_Data records_
┄┄┄┄┄┄

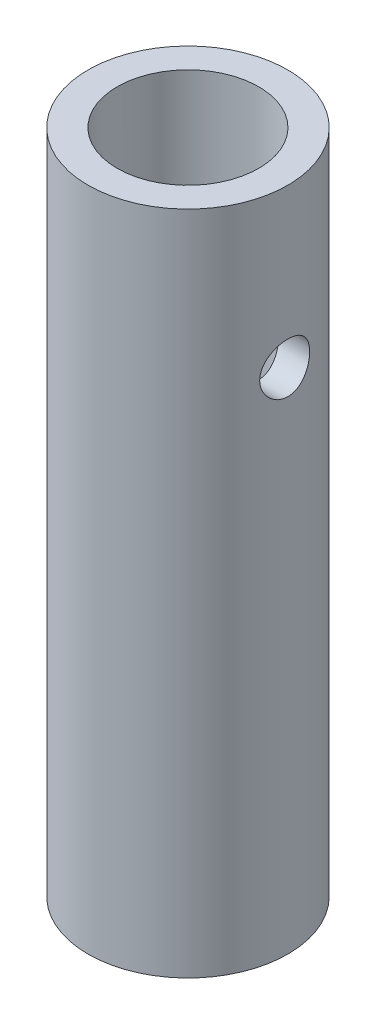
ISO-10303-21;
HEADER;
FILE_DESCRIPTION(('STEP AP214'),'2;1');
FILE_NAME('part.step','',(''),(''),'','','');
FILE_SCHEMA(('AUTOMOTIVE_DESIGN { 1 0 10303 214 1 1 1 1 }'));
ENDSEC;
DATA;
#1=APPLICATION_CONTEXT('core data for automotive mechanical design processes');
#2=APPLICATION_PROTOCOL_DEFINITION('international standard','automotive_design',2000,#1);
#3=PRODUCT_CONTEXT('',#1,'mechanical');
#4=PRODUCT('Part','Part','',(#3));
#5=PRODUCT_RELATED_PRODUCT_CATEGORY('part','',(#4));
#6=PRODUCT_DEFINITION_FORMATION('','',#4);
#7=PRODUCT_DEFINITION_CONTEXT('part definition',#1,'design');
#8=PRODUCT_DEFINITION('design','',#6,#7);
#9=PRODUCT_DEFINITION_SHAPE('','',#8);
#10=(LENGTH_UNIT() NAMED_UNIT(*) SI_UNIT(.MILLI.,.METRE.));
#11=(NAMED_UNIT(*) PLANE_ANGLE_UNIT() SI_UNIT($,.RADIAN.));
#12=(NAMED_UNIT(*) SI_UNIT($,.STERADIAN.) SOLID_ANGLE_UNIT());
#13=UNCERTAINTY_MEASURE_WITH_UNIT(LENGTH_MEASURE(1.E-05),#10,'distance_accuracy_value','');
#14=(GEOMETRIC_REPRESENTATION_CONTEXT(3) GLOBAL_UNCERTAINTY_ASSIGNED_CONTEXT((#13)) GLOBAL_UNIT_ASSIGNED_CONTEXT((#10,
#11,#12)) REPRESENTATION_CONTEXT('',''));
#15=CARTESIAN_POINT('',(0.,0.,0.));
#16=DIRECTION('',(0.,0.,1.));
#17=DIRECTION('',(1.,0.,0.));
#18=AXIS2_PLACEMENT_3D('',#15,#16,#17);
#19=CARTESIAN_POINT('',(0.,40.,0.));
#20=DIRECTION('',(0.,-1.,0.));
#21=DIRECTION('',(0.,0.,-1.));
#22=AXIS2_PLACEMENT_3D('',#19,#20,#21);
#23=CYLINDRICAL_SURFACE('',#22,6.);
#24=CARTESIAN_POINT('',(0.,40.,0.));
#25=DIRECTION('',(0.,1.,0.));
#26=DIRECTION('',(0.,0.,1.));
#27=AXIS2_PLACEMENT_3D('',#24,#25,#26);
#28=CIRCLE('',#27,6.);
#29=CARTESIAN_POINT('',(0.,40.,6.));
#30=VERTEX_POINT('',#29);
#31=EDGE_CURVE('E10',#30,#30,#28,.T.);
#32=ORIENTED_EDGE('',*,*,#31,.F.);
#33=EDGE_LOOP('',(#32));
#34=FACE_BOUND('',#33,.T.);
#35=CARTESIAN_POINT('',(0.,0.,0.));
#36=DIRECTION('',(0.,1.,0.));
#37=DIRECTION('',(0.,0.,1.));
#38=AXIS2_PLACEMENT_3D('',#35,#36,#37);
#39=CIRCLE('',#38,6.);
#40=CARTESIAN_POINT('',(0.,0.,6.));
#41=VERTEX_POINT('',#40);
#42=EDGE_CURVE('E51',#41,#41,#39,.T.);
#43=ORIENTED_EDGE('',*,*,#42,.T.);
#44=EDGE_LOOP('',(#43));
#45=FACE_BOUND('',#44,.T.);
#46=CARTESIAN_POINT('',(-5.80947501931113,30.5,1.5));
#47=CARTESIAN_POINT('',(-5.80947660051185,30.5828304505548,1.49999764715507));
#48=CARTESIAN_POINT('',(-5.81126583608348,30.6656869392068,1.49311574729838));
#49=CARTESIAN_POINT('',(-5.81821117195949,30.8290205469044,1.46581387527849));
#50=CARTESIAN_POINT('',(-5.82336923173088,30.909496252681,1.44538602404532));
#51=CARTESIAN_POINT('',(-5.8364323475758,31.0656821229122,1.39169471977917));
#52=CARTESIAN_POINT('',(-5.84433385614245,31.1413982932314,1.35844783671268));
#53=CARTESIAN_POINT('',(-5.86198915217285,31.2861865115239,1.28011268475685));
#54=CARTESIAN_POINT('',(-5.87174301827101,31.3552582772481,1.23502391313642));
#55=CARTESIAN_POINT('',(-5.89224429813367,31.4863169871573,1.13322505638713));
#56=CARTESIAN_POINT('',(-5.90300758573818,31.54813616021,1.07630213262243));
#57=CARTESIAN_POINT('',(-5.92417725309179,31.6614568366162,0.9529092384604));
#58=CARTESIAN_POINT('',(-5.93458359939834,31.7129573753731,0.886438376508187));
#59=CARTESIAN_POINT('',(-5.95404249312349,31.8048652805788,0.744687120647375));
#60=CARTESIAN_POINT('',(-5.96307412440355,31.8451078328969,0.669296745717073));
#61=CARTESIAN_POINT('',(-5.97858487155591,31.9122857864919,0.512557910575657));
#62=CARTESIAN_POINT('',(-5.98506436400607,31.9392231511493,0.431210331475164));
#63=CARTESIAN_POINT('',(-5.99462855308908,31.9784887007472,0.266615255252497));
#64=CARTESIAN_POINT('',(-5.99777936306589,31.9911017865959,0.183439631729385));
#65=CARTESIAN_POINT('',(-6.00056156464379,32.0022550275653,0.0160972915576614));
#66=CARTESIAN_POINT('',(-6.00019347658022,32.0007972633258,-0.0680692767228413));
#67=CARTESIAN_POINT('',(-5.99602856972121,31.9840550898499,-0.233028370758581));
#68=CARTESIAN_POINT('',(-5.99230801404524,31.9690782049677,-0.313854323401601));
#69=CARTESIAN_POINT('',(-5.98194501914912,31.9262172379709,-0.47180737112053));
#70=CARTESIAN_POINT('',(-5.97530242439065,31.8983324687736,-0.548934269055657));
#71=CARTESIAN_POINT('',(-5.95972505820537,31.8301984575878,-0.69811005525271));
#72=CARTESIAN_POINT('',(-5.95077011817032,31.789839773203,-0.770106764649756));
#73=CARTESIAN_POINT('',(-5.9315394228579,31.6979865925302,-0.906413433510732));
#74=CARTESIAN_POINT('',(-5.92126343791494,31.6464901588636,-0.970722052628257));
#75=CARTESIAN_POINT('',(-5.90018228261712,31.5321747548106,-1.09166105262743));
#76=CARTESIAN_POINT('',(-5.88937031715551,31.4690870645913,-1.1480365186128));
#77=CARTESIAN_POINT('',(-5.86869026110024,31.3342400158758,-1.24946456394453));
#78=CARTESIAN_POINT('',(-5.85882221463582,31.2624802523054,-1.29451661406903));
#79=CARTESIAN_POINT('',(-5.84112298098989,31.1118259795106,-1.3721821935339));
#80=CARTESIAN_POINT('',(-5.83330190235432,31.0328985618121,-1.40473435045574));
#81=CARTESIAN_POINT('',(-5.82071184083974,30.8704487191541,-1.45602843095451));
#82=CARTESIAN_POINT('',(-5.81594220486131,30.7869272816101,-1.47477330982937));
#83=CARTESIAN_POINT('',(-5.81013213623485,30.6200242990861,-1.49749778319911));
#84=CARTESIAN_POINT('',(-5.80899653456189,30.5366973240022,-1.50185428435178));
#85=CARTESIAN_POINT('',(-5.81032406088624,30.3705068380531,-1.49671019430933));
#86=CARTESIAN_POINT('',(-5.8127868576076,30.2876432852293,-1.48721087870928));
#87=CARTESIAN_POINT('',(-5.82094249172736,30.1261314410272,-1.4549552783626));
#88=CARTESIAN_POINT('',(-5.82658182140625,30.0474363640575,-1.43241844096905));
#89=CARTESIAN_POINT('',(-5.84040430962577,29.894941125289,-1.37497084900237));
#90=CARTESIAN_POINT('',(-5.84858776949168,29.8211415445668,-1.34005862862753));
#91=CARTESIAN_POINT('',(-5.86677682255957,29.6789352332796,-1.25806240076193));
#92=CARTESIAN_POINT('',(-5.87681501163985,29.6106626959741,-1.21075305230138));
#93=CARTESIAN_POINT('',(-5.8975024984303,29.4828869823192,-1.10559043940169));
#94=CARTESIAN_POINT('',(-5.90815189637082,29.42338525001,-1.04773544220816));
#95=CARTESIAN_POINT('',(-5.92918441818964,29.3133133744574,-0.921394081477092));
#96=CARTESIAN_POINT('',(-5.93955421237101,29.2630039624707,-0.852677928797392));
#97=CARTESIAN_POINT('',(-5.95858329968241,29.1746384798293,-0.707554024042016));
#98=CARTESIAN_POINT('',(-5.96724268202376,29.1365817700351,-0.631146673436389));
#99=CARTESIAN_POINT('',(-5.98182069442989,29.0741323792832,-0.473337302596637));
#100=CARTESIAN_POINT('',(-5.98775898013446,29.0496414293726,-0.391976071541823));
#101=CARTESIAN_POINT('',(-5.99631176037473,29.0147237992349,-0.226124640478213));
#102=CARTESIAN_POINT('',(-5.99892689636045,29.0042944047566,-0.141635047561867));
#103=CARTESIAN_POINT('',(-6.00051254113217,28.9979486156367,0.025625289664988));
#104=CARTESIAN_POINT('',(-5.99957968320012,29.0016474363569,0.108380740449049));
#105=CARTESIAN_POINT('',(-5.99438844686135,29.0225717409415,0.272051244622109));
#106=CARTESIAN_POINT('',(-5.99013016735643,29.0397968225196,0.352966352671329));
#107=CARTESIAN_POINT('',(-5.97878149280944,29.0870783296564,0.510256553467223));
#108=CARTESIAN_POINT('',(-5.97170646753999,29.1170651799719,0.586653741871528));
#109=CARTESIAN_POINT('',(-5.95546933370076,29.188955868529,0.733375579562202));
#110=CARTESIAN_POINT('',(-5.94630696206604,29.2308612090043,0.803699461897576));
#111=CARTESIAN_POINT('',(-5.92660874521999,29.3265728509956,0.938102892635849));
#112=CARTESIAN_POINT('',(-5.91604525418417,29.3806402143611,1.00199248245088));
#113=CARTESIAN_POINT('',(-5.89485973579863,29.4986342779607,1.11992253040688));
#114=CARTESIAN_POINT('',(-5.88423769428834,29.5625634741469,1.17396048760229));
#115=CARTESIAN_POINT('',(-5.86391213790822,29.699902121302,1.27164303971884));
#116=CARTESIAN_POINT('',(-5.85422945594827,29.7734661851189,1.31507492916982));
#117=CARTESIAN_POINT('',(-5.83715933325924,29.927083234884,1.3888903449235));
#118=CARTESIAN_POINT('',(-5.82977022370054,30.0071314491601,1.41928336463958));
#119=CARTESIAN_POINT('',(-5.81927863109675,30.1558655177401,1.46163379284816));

┄┄┄┄┄┄

_Task statement_
Go through the material and copy each line in which the word "mechanical" occurs.

_Exercise answer_
#1=APPLICATION_CONTEXT('core data for automotive mechanical design processes');
#3=PRODUCT_CONTEXT('',#1,'mechanical');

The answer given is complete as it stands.